◆ **Exercise objective**:
If a picture appears in the records, leave it out and transcribe the rest exactly.

◆ **Task inputs**:
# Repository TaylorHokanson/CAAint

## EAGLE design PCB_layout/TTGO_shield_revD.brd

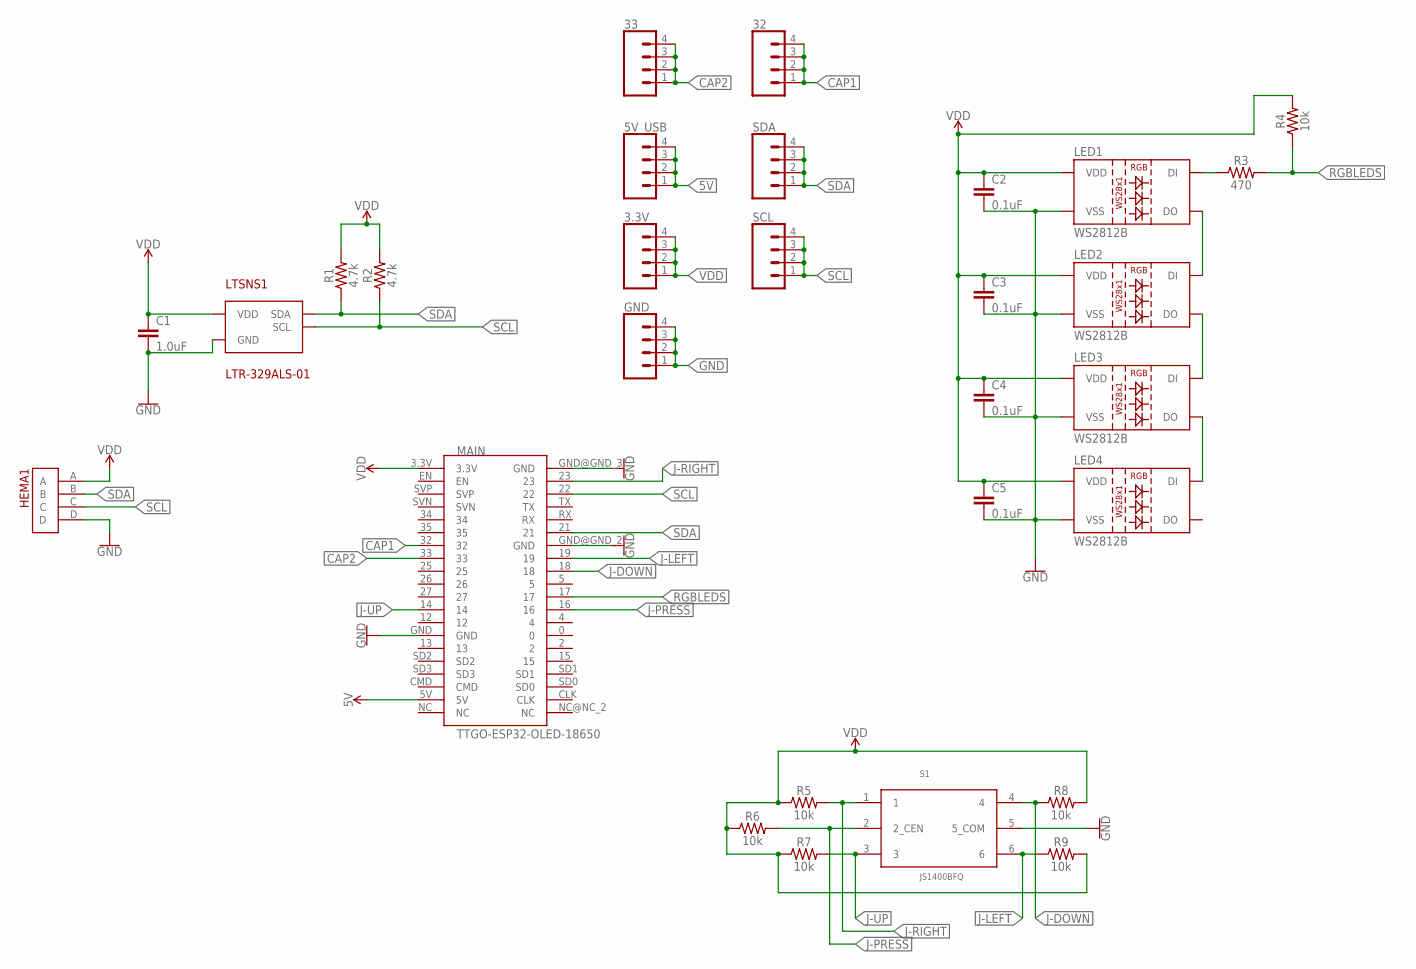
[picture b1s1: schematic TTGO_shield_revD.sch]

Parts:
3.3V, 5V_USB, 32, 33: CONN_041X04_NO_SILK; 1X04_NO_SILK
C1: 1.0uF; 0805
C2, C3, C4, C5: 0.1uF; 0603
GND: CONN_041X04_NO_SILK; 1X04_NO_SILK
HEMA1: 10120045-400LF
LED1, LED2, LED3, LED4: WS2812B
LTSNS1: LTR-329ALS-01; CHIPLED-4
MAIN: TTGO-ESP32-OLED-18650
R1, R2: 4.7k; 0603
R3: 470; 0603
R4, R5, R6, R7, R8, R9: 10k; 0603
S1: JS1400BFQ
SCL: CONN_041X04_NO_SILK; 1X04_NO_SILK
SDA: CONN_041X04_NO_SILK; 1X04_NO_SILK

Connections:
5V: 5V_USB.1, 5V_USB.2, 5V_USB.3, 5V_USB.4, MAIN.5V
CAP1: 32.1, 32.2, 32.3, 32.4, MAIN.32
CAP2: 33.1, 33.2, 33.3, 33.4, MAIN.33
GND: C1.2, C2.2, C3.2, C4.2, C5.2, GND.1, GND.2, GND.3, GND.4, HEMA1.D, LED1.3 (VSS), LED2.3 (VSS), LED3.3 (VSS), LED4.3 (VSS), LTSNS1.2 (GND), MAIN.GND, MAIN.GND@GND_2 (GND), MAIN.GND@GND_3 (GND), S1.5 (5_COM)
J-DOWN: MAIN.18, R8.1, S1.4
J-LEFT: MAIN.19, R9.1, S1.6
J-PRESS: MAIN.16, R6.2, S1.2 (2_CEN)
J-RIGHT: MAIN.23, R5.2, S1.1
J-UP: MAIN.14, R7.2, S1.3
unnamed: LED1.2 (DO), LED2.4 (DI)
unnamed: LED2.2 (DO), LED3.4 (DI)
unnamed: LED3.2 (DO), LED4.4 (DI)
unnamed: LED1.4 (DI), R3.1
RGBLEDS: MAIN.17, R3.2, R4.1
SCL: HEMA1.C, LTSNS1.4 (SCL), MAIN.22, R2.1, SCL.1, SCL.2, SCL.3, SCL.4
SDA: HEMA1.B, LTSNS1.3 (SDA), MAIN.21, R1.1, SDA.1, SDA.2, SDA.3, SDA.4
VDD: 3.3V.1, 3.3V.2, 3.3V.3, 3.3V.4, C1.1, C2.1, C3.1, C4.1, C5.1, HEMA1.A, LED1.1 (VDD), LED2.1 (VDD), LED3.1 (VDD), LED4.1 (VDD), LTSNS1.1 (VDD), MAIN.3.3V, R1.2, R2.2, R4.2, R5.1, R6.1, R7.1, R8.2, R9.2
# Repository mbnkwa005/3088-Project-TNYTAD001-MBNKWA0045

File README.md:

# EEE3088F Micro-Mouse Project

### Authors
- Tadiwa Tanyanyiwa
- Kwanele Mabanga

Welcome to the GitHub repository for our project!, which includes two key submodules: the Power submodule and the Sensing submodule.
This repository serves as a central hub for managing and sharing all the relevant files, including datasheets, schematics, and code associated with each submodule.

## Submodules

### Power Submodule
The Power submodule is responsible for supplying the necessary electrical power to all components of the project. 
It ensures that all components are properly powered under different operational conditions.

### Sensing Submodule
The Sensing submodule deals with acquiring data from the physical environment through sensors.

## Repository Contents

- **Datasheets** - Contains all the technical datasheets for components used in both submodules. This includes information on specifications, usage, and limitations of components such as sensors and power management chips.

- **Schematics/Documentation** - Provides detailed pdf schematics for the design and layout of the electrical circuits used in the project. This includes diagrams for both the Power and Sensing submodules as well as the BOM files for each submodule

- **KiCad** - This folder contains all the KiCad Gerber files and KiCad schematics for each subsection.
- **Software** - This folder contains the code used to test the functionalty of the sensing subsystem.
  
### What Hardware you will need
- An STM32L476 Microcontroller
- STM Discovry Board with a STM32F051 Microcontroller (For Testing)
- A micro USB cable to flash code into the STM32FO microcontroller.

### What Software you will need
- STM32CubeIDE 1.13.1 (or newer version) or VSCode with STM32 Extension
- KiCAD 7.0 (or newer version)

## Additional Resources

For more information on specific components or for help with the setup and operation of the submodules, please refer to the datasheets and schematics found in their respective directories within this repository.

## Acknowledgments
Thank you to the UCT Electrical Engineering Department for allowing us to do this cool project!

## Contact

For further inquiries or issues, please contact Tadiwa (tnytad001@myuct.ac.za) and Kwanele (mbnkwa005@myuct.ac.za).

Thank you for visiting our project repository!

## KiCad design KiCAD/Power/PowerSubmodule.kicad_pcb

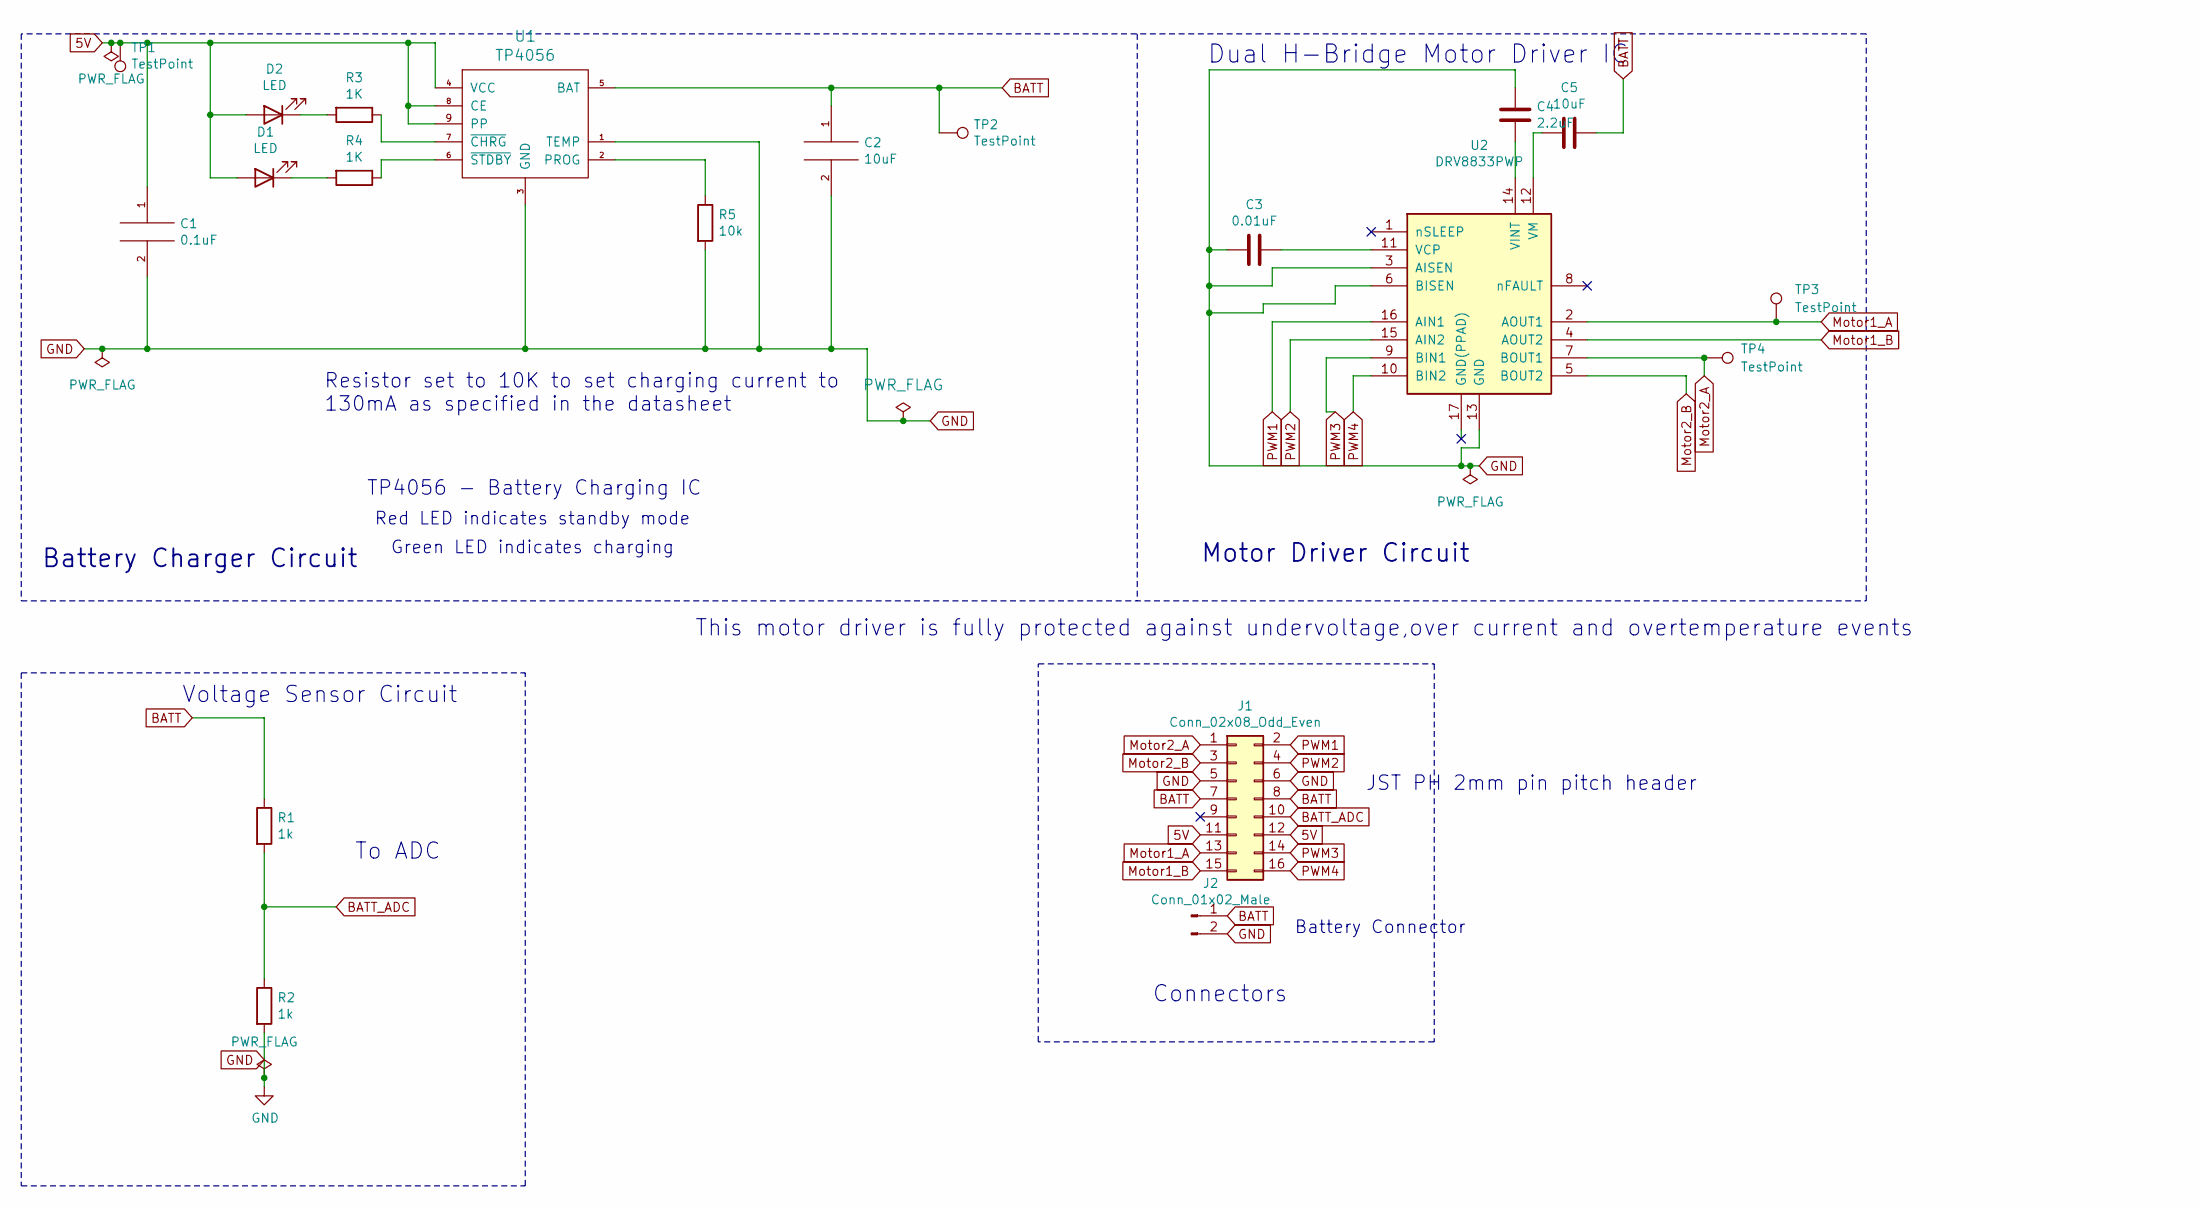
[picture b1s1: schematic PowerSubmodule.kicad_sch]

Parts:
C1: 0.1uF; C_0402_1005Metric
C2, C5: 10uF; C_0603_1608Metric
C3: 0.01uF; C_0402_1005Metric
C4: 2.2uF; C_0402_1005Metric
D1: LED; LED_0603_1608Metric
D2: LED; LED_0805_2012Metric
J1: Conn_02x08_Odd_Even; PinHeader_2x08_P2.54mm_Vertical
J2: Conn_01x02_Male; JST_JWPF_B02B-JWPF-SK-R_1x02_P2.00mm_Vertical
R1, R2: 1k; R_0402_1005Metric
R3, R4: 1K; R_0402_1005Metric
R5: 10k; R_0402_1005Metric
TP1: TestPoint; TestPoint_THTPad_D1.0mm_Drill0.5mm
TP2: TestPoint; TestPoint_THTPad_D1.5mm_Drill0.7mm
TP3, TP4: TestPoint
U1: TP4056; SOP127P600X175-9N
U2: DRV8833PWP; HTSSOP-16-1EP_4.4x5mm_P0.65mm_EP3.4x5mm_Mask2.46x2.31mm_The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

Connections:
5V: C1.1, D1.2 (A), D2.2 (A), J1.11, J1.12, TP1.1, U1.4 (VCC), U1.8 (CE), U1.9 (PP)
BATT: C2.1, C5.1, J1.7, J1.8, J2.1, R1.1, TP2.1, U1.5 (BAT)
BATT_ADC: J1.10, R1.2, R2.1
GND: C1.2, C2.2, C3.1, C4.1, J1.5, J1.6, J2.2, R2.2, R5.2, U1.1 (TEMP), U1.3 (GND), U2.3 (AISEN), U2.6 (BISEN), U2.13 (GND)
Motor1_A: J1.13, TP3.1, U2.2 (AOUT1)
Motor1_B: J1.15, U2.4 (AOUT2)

◆ **Answer to this task**:
# Repository TaylorHokanson/CAAint

## EAGLE design PCB_layout/TTGO_shield_revD.brd

[picture b1s1: schematic TTGO_shield_revD.sch]

Parts:
3.3V, 5V_USB, 32, 33: CONN_041X04_NO_SILK; 1X04_NO_SILK
C1: 1.0uF; 0805
C2, C3, C4, C5: 0.1uF; 0603
GND: CONN_041X04_NO_SILK; 1X04_NO_SILK
HEMA1: 10120045-400LF
LED1, LED2, LED3, LED4: WS2812B
LTSNS1: LTR-329ALS-01; CHIPLED-4
MAIN: TTGO-ESP32-OLED-18650
R1, R2: 4.7k; 0603
R3: 470; 0603
R4, R5, R6, R7, R8, R9: 10k; 0603
S1: JS1400BFQ
SCL: CONN_041X04_NO_SILK; 1X04_NO_SILK
SDA: CONN_041X04_NO_SILK; 1X04_NO_SILK

Connections:
5V: 5V_USB.1, 5V_USB.2, 5V_USB.3, 5V_USB.4, MAIN.5V
CAP1: 32.1, 32.2, 32.3, 32.4, MAIN.32
CAP2: 33.1, 33.2, 33.3, 33.4, MAIN.33
GND: C1.2, C2.2, C3.2, C4.2, C5.2, GND.1, GND.2, GND.3, GND.4, HEMA1.D, LED1.3 (VSS), LED2.3 (VSS), LED3.3 (VSS), LED4.3 (VSS), LTSNS1.2 (GND), MAIN.GND, MAIN.GND@GND_2 (GND), MAIN.GND@GND_3 (GND), S1.5 (5_COM)
J-DOWN: MAIN.18, R8.1, S1.4
J-LEFT: MAIN.19, R9.1, S1.6
J-PRESS: MAIN.16, R6.2, S1.2 (2_CEN)
J-RIGHT: MAIN.23, R5.2, S1.1
J-UP: MAIN.14, R7.2, S1.3
unnamed: LED1.2 (DO), LED2.4 (DI)
unnamed: LED2.2 (DO), LED3.4 (DI)
unnamed: LED3.2 (DO), LED4.4 (DI)
unnamed: LED1.4 (DI), R3.1
RGBLEDS: MAIN.17, R3.2, R4.1
SCL: HEMA1.C, LTSNS1.4 (SCL), MAIN.22, R2.1, SCL.1, SCL.2, SCL.3, SCL.4
SDA: HEMA1.B, LTSNS1.3 (SDA), MAIN.21, R1.1, SDA.1, SDA.2, SDA.3, SDA.4
VDD: 3.3V.1, 3.3V.2, 3.3V.3, 3.3V.4, C1.1, C2.1, C3.1, C4.1, C5.1, HEMA1.A, LED1.1 (VDD), LED2.1 (VDD), LED3.1 (VDD), LED4.1 (VDD), LTSNS1.1 (VDD), MAIN.3.3V, R1.2, R2.2, R4.2, R5.1, R6.1, R7.1, R8.2, R9.2
# Repository mbnkwa005/3088-Project-TNYTAD001-MBNKWA0045

File README.md:

# EEE3088F Micro-Mouse Project

### Authors
- Tadiwa Tanyanyiwa
- Kwanele Mabanga

Welcome to the GitHub repository for our project!, which includes two key submodules: the Power submodule and the Sensing submodule.
This repository serves as a central hub for managing and sharing all the relevant files, including datasheets, schematics, and code associated with each submodule.

## Submodules

### Power Submodule
The Power submodule is responsible for supplying the necessary electrical power to all components of the project. 
It ensures that all components are properly powered under different operational conditions.

### Sensing Submodule
The Sensing submodule deals with acquiring data from the physical environment through sensors.

## Repository Contents

- **Datasheets** - Contains all the technical datasheets for components used in both submodules. This includes information on specifications, usage, and limitations of components such as sensors and power management chips.

- **Schematics/Documentation** - Provides detailed pdf schematics for the design and layout of the electrical circuits used in the project. This includes diagrams for both the Power and Sensing submodules as well as the BOM files for each submodule

- **KiCad** - This folder contains all the KiCad Gerber files and KiCad schematics for each subsection.
- **Software** - This folder contains the code used to test the functionalty of the sensing subsystem.
  
### What Hardware you will need
- An STM32L476 Microcontroller
- STM Discovry Board with a STM32F051 Microcontroller (For Testing)
- A micro USB cable to flash code into the STM32FO microcontroller.

### What Software you will need
- STM32CubeIDE 1.13.1 (or newer version) or VSCode with STM32 Extension
- KiCAD 7.0 (or newer version)

## Additional Resources

For more information on specific components or for help with the setup and operation of the submodules, please refer to the datasheets and schematics found in their respective directories within this repository.

## Acknowledgments
Thank you to the UCT Electrical Engineering Department for allowing us to do this cool project!

## Contact

For further inquiries or issues, please contact Tadiwa (tnytad001@myuct.ac.za) and Kwanele (mbnkwa005@myuct.ac.za).

Thank you for visiting our project repository!

## KiCad design KiCAD/Power/PowerSubmodule.kicad_pcb

[picture b1s1: schematic PowerSubmodule.kicad_sch]

Parts:
C1: 0.1uF; C_0402_1005Metric
C2, C5: 10uF; C_0603_1608Metric
C3: 0.01uF; C_0402_1005Metric
C4: 2.2uF; C_0402_1005Metric
D1: LED; LED_0603_1608Metric
D2: LED; LED_0805_2012Metric
J1: Conn_02x08_Odd_Even; PinHeader_2x08_P2.54mm_Vertical
J2: Conn_01x02_Male; JST_JWPF_B02B-JWPF-SK-R_1x02_P2.00mm_Vertical
R1, R2: 1k; R_0402_1005Metric
R3, R4: 1K; R_0402_1005Metric
R5: 10k; R_0402_1005Metric
TP1: TestPoint; TestPoint_THTPad_D1.0mm_Drill0.5mm
TP2: TestPoint; TestPoint_THTPad_D1.5mm_Drill0.7mm
TP3, TP4: TestPoint
U1: TP4056; SOP127P600X175-9N
U2: DRV8833PWP; HTSSOP-16-1EP_4.4x5mm_P0.65mm_EP3.4x5mm_Mask2.46x2.31mm_The

Connections:
5V: C1.1, D1.2 (A), D2.2 (A), J1.11, J1.12, TP1.1, U1.4 (VCC), U1.8 (CE), U1.9 (PP)
BATT: C2.1, C5.1, J1.7, J1.8, J2.1, R1.1, TP2.1, U1.5 (BAT)
BATT_ADC: J1.10, R1.2, R2.1
GND: C1.2, C2.2, C3.1, C4.1, J1.5, J1.6, J2.2, R2.2, R5.2, U1.1 (TEMP), U1.3 (GND), U2.3 (AISEN), U2.6 (BISEN), U2.13 (GND)
Motor1_A: J1.13, TP3.1, U2.2 (AOUT1)
Motor1_B: J1.15, U2.4 (AOUT2)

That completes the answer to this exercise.